━━━━━ Raw data

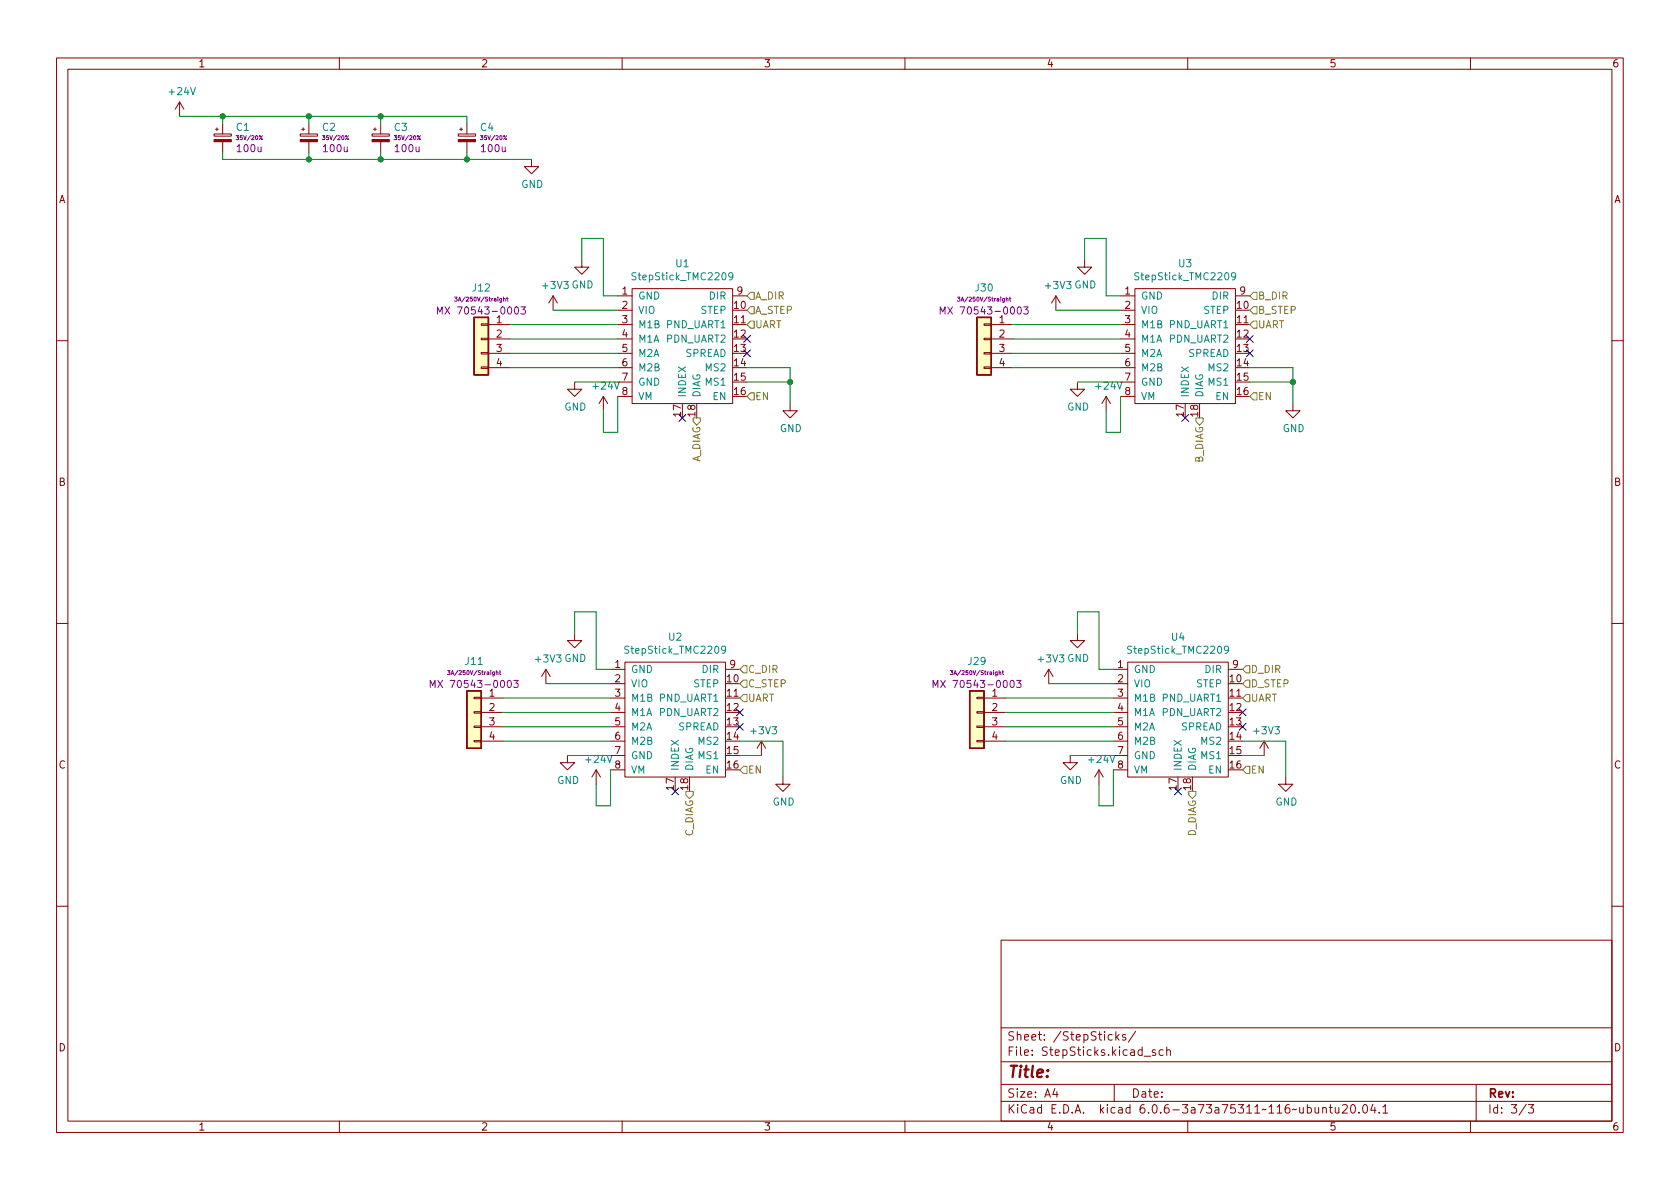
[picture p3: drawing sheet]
<svg xmlns="http://www.w3.org/2000/svg" width="297mm" height="210mm" viewBox="0 0 297 210" stroke-linecap="round" stroke-linejoin="round" font-family="sans-serif">
<g fill="none" stroke="#840000" stroke-width=".18">
<path d="M10 10.2h277v190.1h-277zM12 12.2h273v186.1h-273zM31.7 18l-.7 1.3M31.7 18v2.6M31.7 18l.8 1.3M60 10.2v2M110 10.2v2M160 10.2v2M210 10.2v2M260 10.2v2M37.8 23.7h3.1v.4h-3.1zM38.1 22.9h.5"/>
<path d="M38.4 22.6v.5M39.4 21.8v1.9M39.4 25.1v1.8M53.1 23.7h3v.4h-3zM53.3 22.9h.5M53.6 22.6v.5M54.6 21.8v1.9M54.6 25.1v1.8M65.8 23.7h3v.4h-3zM66 22.9h.5M66.3 22.6v.5M67.3 21.8v1.9"/>
<path d="M67.3 25.1v1.8M81 23.7h3.1v.4h-3.1zM81.3 22.9h.5M81.5 22.6v.5M82.5 21.8v1.9M82.5 25.1v1.8M94 28.2v1.3h1.2l-1.2 1.2-1.3-1.2h1.3M85.1 59.8h1.3v.3h-1.3zM85.1 57.3h1.3v.2h-1.3zM86.4 57.4h3.8M86.4 59.9h3.8M97.8 52.3l-.8 1.3"/>
<path d="M97.8 52.3v2.6M97.8 52.3l.8 1.3M102.9 46v1.2h1.2l-1.2 1.3-1.3-1.3h1.3M109.2 57.4h2.6M109.2 59.9h2.6M109.2 52.3h2.6M109.2 54.9h2.6M111.8 51h17.7v20.4h-17.7zM129.5 57.4h2.6M129.5 52.3h2.6M174 59.8h1.3v.3h-1.3zM174 57.3h1.3v.2h-1.3z"/>
<path d="M175.3 57.4h3.8M175.3 59.9h3.8M186.7 52.3l-.8 1.3M186.7 52.3v2.6M186.7 52.3l.8 1.3M191.8 46v1.2h1.2l-1.2 1.3-1.3-1.3h1.3M198.1 57.4h2.6M198.1 59.9h2.6M198.1 52.3h2.6M198.1 54.9h2.6M200.7 51h17.7v20.4h-17.7zM218.4 57.4h2.6"/>
<path d="M218.4 52.3h2.6M10 60.2h2M85.1 64.9h1.3v.2h-1.3zM85.1 62.4h1.3v.2h-1.3zM86.4 62.5h3.8M86.4 65h3.8M101.6 67.6v1.2h1.3l-1.3 1.3-1.3-1.3h1.3M106.7 70.1l-.8 1.3M106.7 70.1v2.5M106.7 70.1l.7 1.3M109.2 62.5h2.6M109.2 65h2.6"/>
<path d="M109.2 67.6h2.6M109.2 70.1h2.6M139.7 71.4v1.2h1.3l-1.3 1.3-1.3-1.3h1.3M174 64.9h1.3v.2h-1.3zM174 62.4h1.3v.2h-1.3zM175.3 62.5h3.8M175.3 65h3.8M190.5 67.6v1.2h1.3l-1.3 1.3-1.3-1.3h1.3M195.6 70.1l-.8 1.3M195.6 70.1v2.5M195.6 70.1l.7 1.3M198.1 62.5h2.6"/>
<path d="M198.1 65h2.6M198.1 67.6h2.6M198.1 70.1h2.6M228.6 71.4v1.2h1.3l-1.3 1.3-1.3-1.3h1.3M285 60.2h2M10 110.2h2M96.5 118.4l-.7 1.2M96.5 118.4v2.5M96.5 118.4l.8 1.2M101.6 112v1.3h1.3l-1.3 1.2-1.3-1.2h1.3M107.9 118.4h2.6M110.5 117.1h17.8v20.3h-17.8z"/>
<path d="M128.3 118.4h2.5M185.4 118.4l-.7 1.2M185.4 118.4v2.5M185.4 118.4l.8 1.2M190.5 112v1.3h1.3l-1.3 1.2-1.3-1.2h1.3M196.8 118.4h2.6M199.4 117.1h17.8v20.3h-17.8zM217.2 118.4h2.5M285 110.2h2M83.8 130.9h1.3v.3h-1.3zM83.8 128.4h1.3v.2h-1.3zM83.8 125.9h1.3v.2h-1.3z"/>
<path d="M83.8 123.3h1.3v.3h-1.3zM85.1 123.4h3.8M85.1 126h3.8M85.1 128.5h3.8M85.1 131.1h3.8M100.3 133.6v1.3h1.3l-1.3 1.2-1.2-1.2h1.2M105.4 136.1l-.8 1.3M105.4 136.1v2.6M105.4 136.1l.8 1.3M107.9 123.4h2.6M107.9 120.9h2.6M107.9 126h2.6"/>
<path d="M107.9 128.5h2.6M107.9 131.1h2.6M107.9 133.6h2.6M107.9 136.1h2.6M128.3 123.4h2.5M134.6 131.1l-.7 1.2M134.6 131.1v2.5M134.6 131.1l.8 1.2M138.4 137.4v1.3h1.3l-1.3 1.2-1.2-1.2h1.2M172.7 130.9h1.3v.3h-1.3zM172.7 128.4h1.3v.2h-1.3zM172.7 125.9h1.3v.2h-1.3z"/>
<path d="M172.7 123.3h1.3v.3h-1.3zM174 123.4h3.8M174 126h3.8M174 128.5h3.8M174 131.1h3.8M189.2 133.6v1.3h1.3l-1.3 1.2-1.2-1.2h1.2M194.3 136.1l-.8 1.3M194.3 136.1v2.6M194.3 136.1l.8 1.3M196.8 123.4h2.6M196.8 120.9h2.6M196.8 126h2.6"/>
<path d="M196.8 128.5h2.6M196.8 131.1h2.6M196.8 133.6h2.6M196.8 136.1h2.6M217.2 123.4h2.5M223.5 131.1l-.7 1.2M223.5 131.1v2.5M223.5 131.1l.8 1.2M227.3 137.4v1.3h1.3l-1.3 1.2-1.2-1.2h1.2M10 160.2h2M177 166.3h108v32h-108zM285 160.2h2"/>
<path d="M60 198.3v2M110 198.3v2M160 198.3v2M177 194.8h108M177 191.8h108M177 187.8h108M177 181.8h108M186.5 192.5l-.4 1h1M186.9 193v1M196.6 183l-.4-.1-.3 .3v.4l.2 .3h.5M197 191.8v3M197.3 182.4v1.5"/>
<path d="M197.4 183.4l.5 .5M197.9 182.9l-.6 .6M199 183l-.4-.1-.2 .2 .1 .3 .5 .1v.4h-.6M200.8 182.4l-1.3 1.9M202.3 186.8h1.1M204.3 185.7l-.4-.1-.2 .2 .1 .3 .5 .1v.4h-.6M205.6 185.7l-.4-.1-.3 .3v.4l.2 .3h.5M206.3 185.8l.2-.2 .4 .1v.9M206.3 185.1v1.5M210 198.3v2M233.9 196l.2-.2 .3 .1 .1 .9M233.9 195.8v1"/>
<path d="M235 195.8h.6M235.2 195.3v1.3l.4 .2M236.1 195.8v1h.4l.2-.1M236.7 195.8v1M237.4 195.5l.5-.2 .2 .2 .1 .3-.9 1h.9M239 195.4l.1-.1a.81 .81 0 0 1 .6 .7 .81 .81 0 0 1-.3 .8h-.1a.81 .81 0 0 1-.6-.6 .81 .81 0 0 1 .3-.8zM240.3 196.7v.1M241.1 195.5l.2-.2a.81 .81 0 0 1 .6 .7 .81 .81 0 0 1-.3 .8h-.2a.81 .81 0 0 1-.3-1.3zM242.7 195.3l-.3 1h.9M243.1 195.8v1M243.9 196.7v.1M244.5 195.8l.4-.5v1.5"/>
<path d="M244.5 196.8h.9M260 198.3v2M261 191.8v6.5M269.9 195.3l-1.3 1.9M270.2 195.3h1l-.6 .6 .5 .1v.7l-.2 .1h-.5l-.2-.1"/>
</g>
<path d="M129.6 48.8l-.3 .2-.3-.1-.2-.1 .2-.5 .3-.1 .2 .1a.84 .84 0 0 1-.3 1.2h-.2M218.5 48.8l-.3 .2-.3-.1-.2-.1 .2-.5 .3-.1 .2 .1a.84 .84 0 0 1-.3 1.2h-.2M128.3 114.8l-.2 .2h-.4l-.1-.2 .1-.5h.4l.1 .1a.84 .84 0 0 1-.3 1.1h-.2M217.2 114.8l-.2 .2h-.4l-.1-.2 .1-.5h.4l.1 .1a.84 .84 0 0 1-.3 1.1h-.2" fill="none" stroke="#008484" stroke-width=".18"/>
<g fill="#840000" stroke="#840000" stroke-width=".18">
<path d="M53.1 24.7h3v.4h-3z"/>
<path d="M37.8 24.7h3.1v.4h-3.1z"/>
<path d="M81 24.7h3.1v.4h-3.1z"/>
<path d="M65.8 24.7h3v.4h-3z"/>
</g>
<g fill="none" stroke="#840084" stroke-width=".18">
<path d="M41.8 24h.4l-.2 .3h.2v.3h-.4M57 24h.4l-.2 .3h.2v.3h-.4M69.7 24h.4l-.2 .3h.2v.3h-.4M84.9 24h.5l-.3 .3h.2v.3h-.4M77.3 55.5v-1.2l.5 .9 .4-.9v1.2M80.4 52.5h.4l-.2 .3 .2 .1v.3h-.4M89 52.8h.3v.5M89 52.5v.8M89.6 52.8h.2M89.7 52.5v.7l.1 .1M92.1 54.3h.8l-.4 .5 .3 .1v.5l-.2 .1-.5-.1M166.2 55.5v-1.2l.5 .9 .4-.9v1.2"/>
<path d="M169.3 52.5h.4l-.2 .3 .2 .1v.3h-.4M177.9 52.8h.3v.5M177.9 52.5v.8M178.5 52.8h.2M178.6 52.5v.7l.1 .1M181 54.3h.8l-.4 .5 .3 .1v.5l-.2 .1-.5-.1M79.1 118.6h.5l-.3 .3h.2v.3h-.4M87.7 118.9h.3l.1 .4M87.7 118.6v.7M88.3 118.8h.3M88.4 118.6v.6l.2 .1M168 118.6h.5l-.3 .3h.2v.3h-.4"/>
<path d="M176.6 118.9h.3l.1 .4M176.6 118.6v.7M177.2 118.8h.3M177.3 118.6v.6l.2 .1M76.1 121.6v-1.3l.4 .9 .4-.9v1.3M90.8 120.3h.8l-.4 .5 .4 .1v.6l-.2 .1-.6-.1M165 121.6v-1.3l.4 .9 .4-.9v1.3M179.7 120.3h.8l-.4 .5 .4 .1v.6l-.2 .1-.6-.1"/>
</g>
<g fill="#ffffc2" stroke="#ffffc2" stroke-width=".18">
<path d="M82.5 122.2h2.6v10.1h-2.6z"/>
<path d="M83.8 56.1h2.6v10.2h-2.6z"/>
<path d="M171.4 122.2h2.6v10.1h-2.6z"/>
<path d="M172.7 56.1h2.6v10.2h-2.6z"/>
</g>
<path d="M83.8 56.1h2.6v10.2h-2.6zM172.7 56.1h2.6v10.2h-2.6zM82.5 122.2h2.6v10.1h-2.6zM171.4 122.2h2.6v10.1h-2.6z" fill="none" stroke="#840000" stroke-width=".25"/>
<g fill="none" stroke="#848400" stroke-width=".18">
<path d="M132.7 56.8h.6v1.2h-.6l-.6-.6zM132.7 51.7h.6v1.3h-.6l-.6-.7zM132.7 54.2h.6v1.3h-.6l-.6-.6zM221.6 54.2h.6v1.3h-.6l-.6-.6zM221.6 51.7h.6v1.3h-.6l-.6-.7zM221.6 56.8h.6v1.2h-.6l-.6-.6zM122.6 73.9h1.2v.6l-.6 .7-.6-.7zM132.7 69.5h.6v1.2h-.6l-.6-.6zM211.5 73.9h1.2v.6l-.6 .7-.6-.7zM221.6 69.5h.6v1.2h-.6l-.6-.6zM131.4 117.7h.7v1.3h-.7l-.6-.6zM220.3 117.7h.7v1.3h-.7l-.6-.6z"/>
<path d="M121.3 139.9h1.3v.7l-.7 .6-.6-.6zM131.4 135.5h.7v1.3h-.7l-.6-.7zM131.4 122.8h.7v1.3h-.7l-.6-.7zM131.4 120.3h.7v1.2h-.7l-.6-.6zM210.2 139.9h1.3v.7l-.7 .6-.6-.6zM220.3 120.3h.7v1.2h-.7l-.6-.6zM220.3 135.5h.7v1.3h-.7l-.6-.7zM220.3 122.8h.7v1.3h-.7l-.6-.7z"/>
</g>
<g fill="none" stroke="#008400" stroke-width=".18">
<path d="M31.7 20.6h50.8v1.2M39.4 26.9v1.3h54.6M39.4 20.6v1.2M54.6 20.6v1.2M54.6 26.9v1.3M67.3 20.6v1.2M67.3 26.9v1.3M82.5 26.9v1.3M90.2 57.4h19M90.2 59.9h19M97.8 54.9h11.4M102.9 46v-3.8h3.8v10.1h2.5"/>
<path d="M179.1 57.4h19M179.1 59.9h19M186.7 54.9h11.4M191.8 46v-3.8h3.8v10.1h2.5M90.2 65h19M90.2 62.5h19M101.6 67.6h7.6M109.2 70.1v6.3h-2.5v-3.8M132.1 65h7.6v6.4M132.1 67.6h7.6M179.1 65h19M179.1 62.5h19"/>
<path d="M190.5 67.6h7.6M198.1 70.1v6.3h-2.5v-3.8M221 65h7.6v6.4M221 67.6h7.6M101.6 112v-3.8h3.8v10.2h2.5M190.5 112v-3.8h3.8v10.2h2.5M88.9 131.1h19M88.9 126h19M88.9 128.5h19M88.9 123.4h19M96.5 120.9h11.4M100.3 133.6h7.6"/>
<path d="M107.9 136.1v6.4h-2.5v-3.8M130.8 131.1h7.6v6.3M130.8 133.6h3.8M177.8 131.1h19M177.8 126h19M177.8 128.5h19M177.8 123.4h19M185.4 120.9h11.4M189.2 133.6h7.6M196.8 136.1v6.4h-2.5v-3.8M219.7 131.1h7.6v6.3M219.7 133.6h3.8"/>
</g>
<g fill="none" stroke="#000084" stroke-width=".18">
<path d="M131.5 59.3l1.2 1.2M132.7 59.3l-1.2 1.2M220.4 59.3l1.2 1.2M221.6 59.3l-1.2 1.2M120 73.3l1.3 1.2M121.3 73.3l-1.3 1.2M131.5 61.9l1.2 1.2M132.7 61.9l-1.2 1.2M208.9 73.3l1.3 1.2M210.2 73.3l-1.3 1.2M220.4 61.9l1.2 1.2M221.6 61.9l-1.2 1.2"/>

━━━━━━━━━━

**What is required:** Write out, word for word, the lines from the first line of the entries through the one containing "25.1v1.8M81 23.7h3.1v.4h-3.1zM81.3 22.9h.5M81.5", both included. Leave out the pictures.

**Result:**
[picture p3: drawing sheet]
<svg xmlns="http://www.w3.org/2000/svg" width="297mm" height="210mm" viewBox="0 0 297 210" stroke-linecap="round" stroke-linejoin="round" font-family="sans-serif">
<g fill="none" stroke="#840000" stroke-width=".18">
<path d="M10 10.2h277v190.1h-277zM12 12.2h273v186.1h-273zM31.7 18l-.7 1.3M31.7 18v2.6M31.7 18l.8 1.3M60 10.2v2M110 10.2v2M160 10.2v2M210 10.2v2M260 10.2v2M37.8 23.7h3.1v.4h-3.1zM38.1 22.9h.5"/>
<path d="M38.4 22.6v.5M39.4 21.8v1.9M39.4 25.1v1.8M53.1 23.7h3v.4h-3zM53.3 22.9h.5M53.6 22.6v.5M54.6 21.8v1.9M54.6 25.1v1.8M65.8 23.7h3v.4h-3zM66 22.9h.5M66.3 22.6v.5M67.3 21.8v1.9"/>
<path d="M67.3 25.1v1.8M81 23.7h3.1v.4h-3.1zM81.3 22.9h.5M81.5 22.6v.5M82.5 21.8v1.9M82.5 25.1v1.8M94 28.2v1.3h1.2l-1.2 1.2-1.3-1.2h1.3M85.1 59.8h1.3v.3h-1.3zM85.1 57.3h1.3v.2h-1.3zM86.4 57.4h3.8M86.4 59.9h3.8M97.8 52.3l-.8 1.3"/>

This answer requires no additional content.